IN THE COURT OF APPEALS OF IOWA

No. 15-0531 Filed August 5, 2015

IN THE INTEREST OF K.R. and H.L., Minor Children,

K.L., Mother, Appellant. ________________________________________________________________

Appeal from the Iowa District Court for Poweshiek County, Rose Anne

Mefford, District Associate Judge.

A mother appeals a dispositional order prohibiting her from having contact

with her children. AFFIRMED.

Samuel E. Charnetski of Charnetski, Lacina & Clower, L.L.P., Grinnell, for

appellant mother.

Thomas J. Miller, Attorney General, Bruce Kempkes, Assistant Attorney

General, and Rebecca Petig, County Attorney, for appellee State.

Misty D. White-Reinier, Grinnell, attorney and guardian ad litem for minor

children.

Considered by Vaitheswaran, P.J., and Potterfield and McDonald, JJ. 2

VAITHESWARAN, P.J.

A mother of two children, born in 2000 and 2002, appeals a district court

dispositional order prohibiting her from having contact with the children.1 She

contends the State failed to prove the order was justified or in the children’s best

interests. On our de novo review, we disagree.

The children were placed in a guardianship with their maternal

grandmother following a child-in-need-of-assistance action that closed in April

2014. The children’s mother and maternal uncle also lived in the home.

Six months later, the Iowa Department of Human Services investigated

allegations of sexual contact between the maternal uncle and one of the children.

The department sought temporary removal of the children. The district court

granted the application and the children were placed in foster care. They were

subsequently adjudicated in need of assistance.

The department afforded the mother supervised visits with the children.
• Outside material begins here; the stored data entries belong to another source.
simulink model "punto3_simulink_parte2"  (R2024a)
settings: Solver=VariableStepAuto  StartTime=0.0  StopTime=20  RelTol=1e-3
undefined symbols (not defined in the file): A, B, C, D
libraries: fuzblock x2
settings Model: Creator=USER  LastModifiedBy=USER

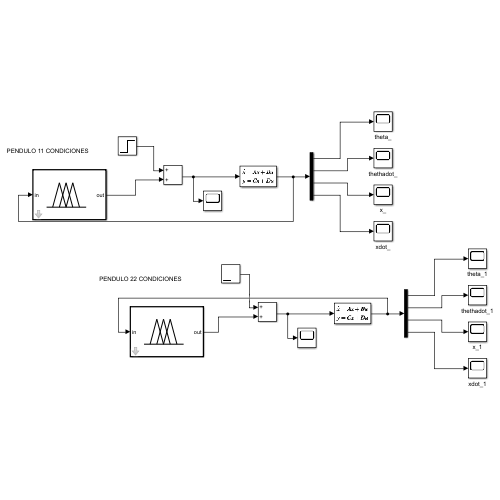
[thumbnail: Simulink's stored preview of the top-level diagram]
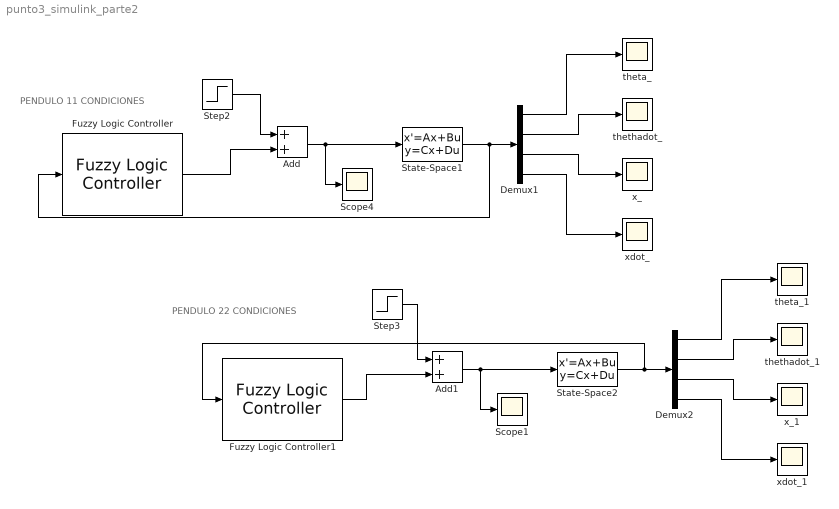
== system punto3_simulink_parte2 ==
  note: PENDULO 11 CONDICIONES
  note: PENDULO 22 CONDICIONES
  Add : Sum
  Add1 : Sum
  Demux1 : Demux
  Demux2 : Demux
  Fuzzy Logic Controller : fuzblock/Fuzzy Logic  Controller  FIS='pendulo.fis'  OutputSampleNumber=101  DataType=double  FuzzifiedInputs=off  RuleFiringStrengths=off  RuleOutputs=off  AggregatedOutputs=off  SimulateUsing=Code generation  OutOfRangeInputValueMessage=warning  NoRuleFiredMessage=warning  EmptyOutputFuzzySetMessage=warning
  Fuzzy Logic Controller1 : fuzblock/Fuzzy Logic  Controller  FIS='pendulo2.fis'  OutputSampleNumber=101  DataType=double  FuzzifiedInputs=off  RuleFiringStrengths=off  RuleOutputs=off  AggregatedOutputs=off  SimulateUsing=Code generation  OutOfRangeInputValueMessage=warning  NoRuleFiredMessage=warning  EmptyOutputFuzzySetMessage=warning
  Scope1 : Scope
  Scope4 : Scope
  State-Space1 : StateSpace  A=A  B=B  C=C  D=D  InitialCondition=0
  State-Space2 : StateSpace  A=A  B=B  C=C  D=D  InitialCondition=0
  Step2 : Step  Time=2  Before=10  After=10  SampleTime=0
  Step3 : Step  Time=2  Before=10  After=10  SampleTime=0
  theta_ : Scope
  theta_1 : Scope
  thethadot_ : Scope
  thethadot_1 : Scope
  x_ : Scope
  x_1 : Scope
  xdot_ : Scope
  xdot_1 : Scope
  wires:
  Demux1/2 -> thethadot_/1
  Add/1 -> State-Space1/1, Scope4/1
  State-Space1/1 -> Fuzzy Logic Controller/1, Demux1/1
  Demux1/4 -> xdot_/1
  Fuzzy Logic Controller/1 -> Add/2
  Demux1/3 -> x_/1
  Demux1/1 -> theta_/1
  Step2/1 -> Add/1
  Fuzzy Logic Controller1/1 -> Add1/2
  Step3/1 -> Add1/1
  Demux2/3 -> x_1/1
  Demux2/4 -> xdot_1/1
  Demux2/1 -> theta_1/1
  State-Space2/1 -> Fuzzy Logic Controller1/1, Demux2/1
  Demux2/2 -> thethadot_1/1
  Add1/1 -> State-Space2/1, Scope1/1

During those visits, the mother gave the children sexually inappropriate letters

and notes from their uncle, as well as other gifts and a cell phone—suspected to

have come from the uncle.

The children’s guardian ad litem filed an emergency motion to stop visits

and a motion to limit visitation. The district court granted the emergency motion

pending a hearing and ordered the mother to have “[n]o [c]ontact whatsoever

with the minor children . . . pending further order of the court.” Following a

1 The mother lists the date of the order as February 3, 2015, but the order is actually dated March 3, 2015. 3

hearing, the juvenile court prohibited contact between the mother and the

children.2

The district court’s ruling is fully supported by the record. The

grandmother essentially abdicated her responsibilities as guardian and relegated

those responsibilities to the mother. The mother, in turn, refused to protect the

children from the claimed abuser and, indeed, took steps to facilitate the

relationship. She also turned the children against their foster parents.

Significantly, a department employee testified the department was not

obligated to furnish the mother any visitation. The mother’s abuse of this

opportunity warranted curtailment of the visits and of any contact with the

children. See In re D.P., No. 09-0237, 2009 WL 929552, at *1 (Iowa Ct. App.

Apr. 8, 2009); In re J.O., No. 99-1016, 2000 WL 18862, at *2 (Iowa Ct. App. Jan.

12, 2000).

We affirm the juvenile court’s no contact order between the mother and

AFFIRMED.

2 The court did not limit the grandmother’s visitation with the children.